Exercise aim
Among the lines of the records, please find those that contain the word "fill" and copy them.

Provided information
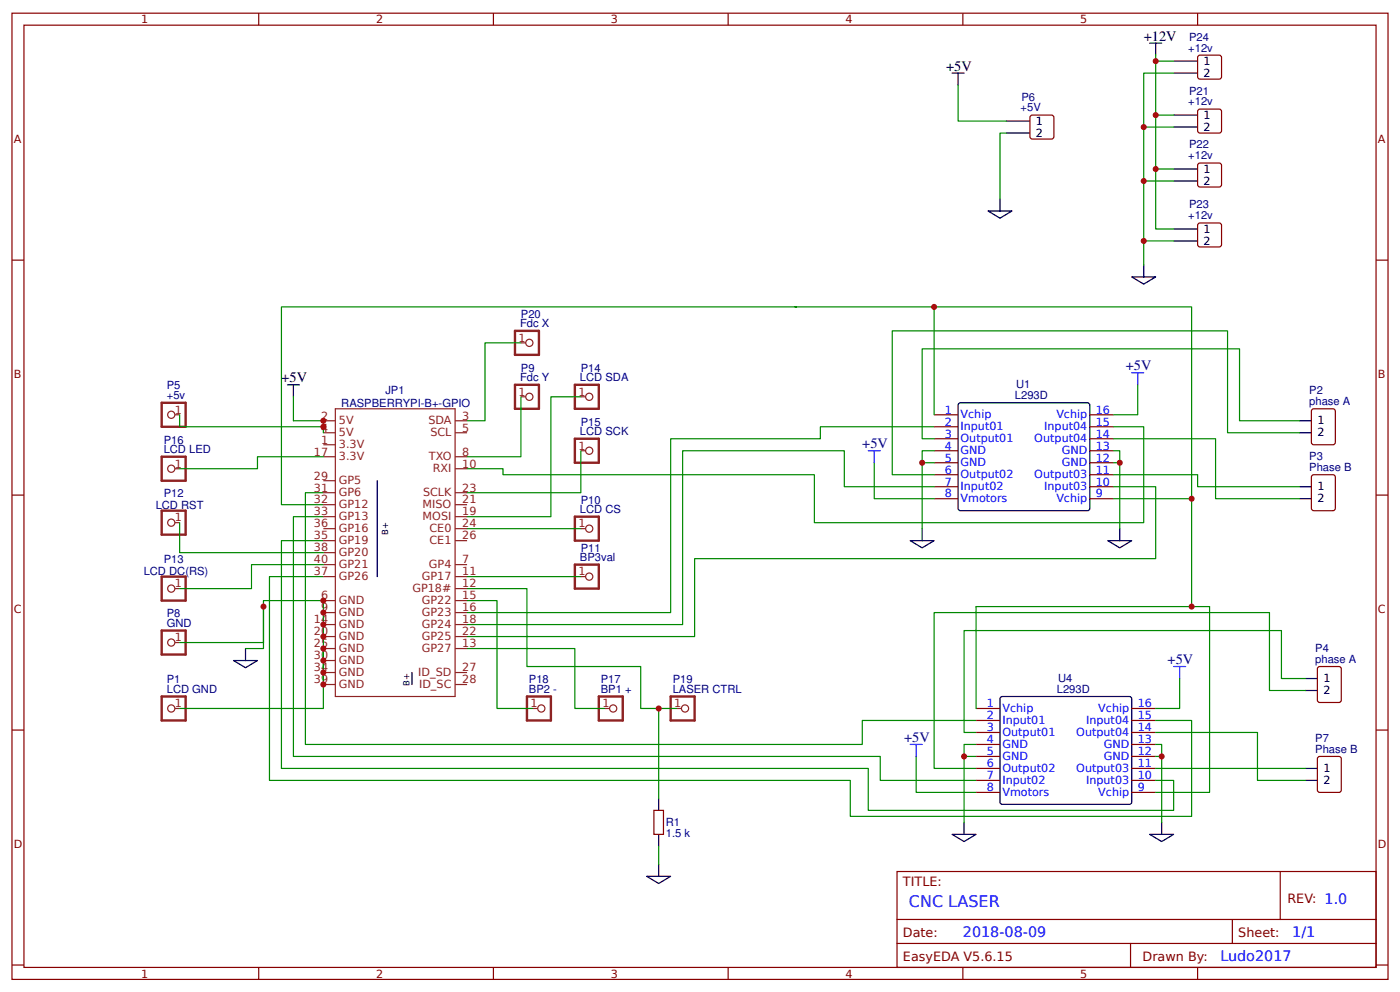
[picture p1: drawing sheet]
<svg xmlns="http://www.w3.org/2000/svg" width="309mm" height="219mm" viewBox="0 0 309 219" stroke-linecap="round" stroke-linejoin="round" font-family="sans-serif">
<g fill="none" stroke="#800" stroke-width=".26">
<path d="M2.6 2.9h304.1v213.3h-304.1zM5.3 5.6h298.7v207.9h-298.7zM57.1 2.9v2.7M109 2.9v2.7M160.9 2.9v2.7M212.7 2.9v2.7M264.6 2.9v2.7M264.7 12.4l.4-.2h4.5l.3 .5-.1 4.5-.5 .3-4.5-.1-.2-.5zM227.6 25.7l.5-.3 4.5 .1 .2 .4v4.5l-.5 .3-4.5-.1-.3-.4zM264.7 24.3l.4-.2h4.5l.3 .5-.1 4.5-.5 .3-4.5-.1-.2-.5zM264.7 36.2l.4-.2 4.5 .1 .3 .4-.1 4.5-.5 .3-4.5-.1-.2-.5zM2.6 57.4h2.7"/>
<path d="M264.7 49.5l.4-.3 4.5 .1 .3 .4-.1 4.5-.5 .3-4.5-.1-.2-.4zM304 57.4h2.7M206.4 91.5h5.3M206.4 94.2h5.3M206.4 96.8h5.3M206.4 99.5h5.3M240.8 91.5h5.3M240.8 94.2h5.3M240.8 96.8h5.3M240.8 99.5h5.3M289.8 90.5l.4-.3h4.3l.4 .3 .1 7.1-.3 .5-4.5 .1-.4-.3zM2.6 109.3h2.7"/>
<path d="M206.4 102.1h5.3M206.4 104.8h5.3M206.4 107.4h5.3M206.4 110.1h5.3M240.8 102.1h5.3M240.8 104.8h5.3M240.8 107.4h5.3M240.8 110.1h5.3M289.8 105l.4-.2h4.3l.4 .2 .1 7.2-.3 .4-4.5 .1-.4-.2zM304 109.3h2.7M215.6 156.4h5.3M215.6 159h5.3"/>
<path d="M250 156.4h5.3M250 159h5.3M291.1 147.4l.5-.3h4.2l.5 .3v7.1l-.2 .5h-4.5l-.5-.2zM2.6 161.1h2.7M144.5 178.9h2.1v5.2h-2.1zM215.6 161.7h5.3M215.6 164.3h5.3M215.6 167h5.3M215.6 169.6h5.3M215.6 172.2h5.3M215.6 174.9h5.3M250 161.7h5.3"/>
<path d="M250 164.3h5.3M250 167h5.3M250 169.6h5.3M250 172.2h5.3M250 174.9h5.3M291.1 167.2l.5-.2h4.2l.5 .2v7.2l-.2 .4-4.5 .1-.5-.3zM304 161.1h2.7M198.2 192.4h105.8v21.1h-105.8zM282.8 192.4v10.5M2.6 213h2.7M57.1 213.5v2.7M109 213.5v2.7"/>
<path d="M160.9 213.5v2.7M198.2 202.9h105.8M198.2 208.2h105.8M212.7 213.5v2.7M249.8 208.2v5.3M264.6 213.5v2.7M272.3 202.9v5.3M304 213h2.7"/>
</g>
<g fill="none" stroke="#000" stroke-width=".26">
<path d="M210.3 16.1h2.7M211.7 16.1v2.7M254 9.5h2.6M255.3 9.5v2.7M259.3 16.1h5.3M259.3 13.5h5.3M222.2 26.7h5.3M222.2 29.4h5.3M259.3 25.4h5.3M259.3 28h5.3M259.3 37.3h5.3M259.3 40h5.3"/>
<path d="M218.3 46.6h5.3l-2.7 1.6zM220.9 43.9v2.7M252.7 58.5v2.6M259.3 50.5h5.3M259.3 53.2h5.3M250 61.1h5.3l-2.6 1.6zM63.5 84.9h2.6M64.8 84.9v2.7M211.7 89.2l.5-.3 28.3 .1 .3 .4-.1 23.1-.5 .2-28.3-.1-.2-.4zM287.1 92.9h2.6M287.1 95.5h2.6M83.3 106.1v21.2"/>
<path d="M201.1 119.3h5.3l-2.7 1.6zM203.7 116.7v2.6M244.7 119.3h5.3l-2.6 1.6zM247.4 116.7v2.6M287.1 107.4h2.6M287.1 110.1h2.6M51.6 145.8h5.3l-2.7 1.6zM54.2 143.1v2.7M91 148.4v2.7M221 154l.5-.3 28.3 .1 .2 .5v23l-.5 .2h-28.3l-.3-.5zM288.4 149.8h2.6M288.4 152.4h2.6"/>
<path d="M145.5 176.2v2.7M288.4 169.6h2.6M288.4 172.2h2.6M142.9 193.4h5.3l-2.7 1.6zM145.5 184.1v2.7M145.5 190.8v2.6M210.3 184.1h5.3l-2.6 1.6zM213 181.5v2.6M254 184.1h5.3l-2.7 1.6zM256.6 181.5v2.6"/>
</g>
<path d="M191.8 99.5h2.7M193.1 99.5v2.6M250 82.3h2.7M251.4 82.3v2.6M259.3 147.1h2.6M260.6 147.1v2.7M201.1 164.3h2.6M202.4 164.3v2.7" fill="none" stroke="#00f" stroke-width=".26"/>
<g fill="none" stroke="#080" stroke-width=".26">
<path d="M211.7 18.8v7.9h10.5M255.3 12.2v38.3h4M255.3 13.5h4M259.3 16.1h-6.6v11.9M222.2 29.4h-1.3v14.5M252.7 40h6.6M255.3 25.4h4M255.3 37.3h4M259.3 28h-6.6v30.5M252.7 53.2h6.6M115.1 75.7h-7.9v17.2h-4M206.4 67.7h56.9v42.4"/>
<path d="M39.7 91.5v2.7h31.7M64.8 87.6v5.3h6.6v2.6M115.1 87.6v13.2h-11.9M128.3 87.6h-6.6v26.4h-18.5M128.3 99.5v9.2h-25.1M206.4 99.5h-2.7v17.2M206.4 91.5v-23.8h-144.2v43.7h9.2M206.4 94.2h-25.2v2.6h-33v38.4h-45M246.1 96.8h22.5v13.3h18.5M246.1 99.5h1.3v17.2M246.1 94.2h6.6v21.2h-72.8v-10.6h-68.8v-1.3h-7.9M251.4 84.9v6.6h-5.3"/>
<path d="M287.1 92.9h-13.3v-15.9h-70.1v19.8h2.7M287.1 95.5h-15.9v-22.5h-74.1v31.8h9.3M39.7 115.4v6.6h31.7M71.4 119.3h-9.2v50.3h129.6v9.3h67.5v-6.7h-4M71.4 108.7h-3.9v55.6h123v-5.3h25.1M71.4 114h-6.6v53h129.7v5.2h21.1M71.4 100.8h-14.5v2.7h-17.2M103.2 116.7h25.1M193.1 102.1v8h13.3M203.7 102.1h2.7M206.4 107.4h-19.9v-7.9h-35.7v38.3h-47.6M246.1 104.8h18.5v2.6h22.5"/>
<path d="M246.1 107.4h9.2v15.9h-101.8v17.2h-50.3M246.1 110.1h17.2v23.8M246.1 102.1h1.3M58.2 133.9v9.2h-4M71.4 127.3h-11.9v44.9h128.4v8h75.4v-21.2h-8M71.4 124.6h-15.8v5.3h-15.9M103.2 132.6h6.6v23.8h7.9M103.2 129.9h13.2v17.2h25.2v9.3h7.9M103.2 127.3h25.1M39.7 141.8h18.5v-9.2h13.2v23.8h-31.7M71.4 143.1v8M103.2 143.1h23.8v13.3h6.6"/>
<path d="M145.5 156.4v19.8M215.6 156.4v-22.5h51.6v41h-11.9M260.6 149.8v6.6h-5.3M288.4 149.8h-5.3v-10.6h-70.1v22.5h2.6M288.4 152.4h-7.9v-17.2h-74.1v34.4h9.2M202.4 167v7.9h13.2M213 167h2.6M215.6 164.3h-2.6v17.2M255.3 161.7h22.5v10.5h10.6M255.3 164.3h1.3v17.2M255.3 167h1.3M255.3 169.6h33.1"/>
<path d="M145.5 186.8v4"/>
</g>
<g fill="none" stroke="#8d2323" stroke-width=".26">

Response area
<g fill="none" stroke="#800" stroke-width=".26">
<g fill="none" stroke="#000" stroke-width=".26">
<path d="M191.8 99.5h2.7M193.1 99.5v2.6M250 82.3h2.7M251.4 82.3v2.6M259.3 147.1h2.6M260.6 147.1v2.7M201.1 164.3h2.6M202.4 164.3v2.7" fill="none" stroke="#00f" stroke-width=".26"/>
<g fill="none" stroke="#080" stroke-width=".26">
<g fill="none" stroke="#8d2323" stroke-width=".26">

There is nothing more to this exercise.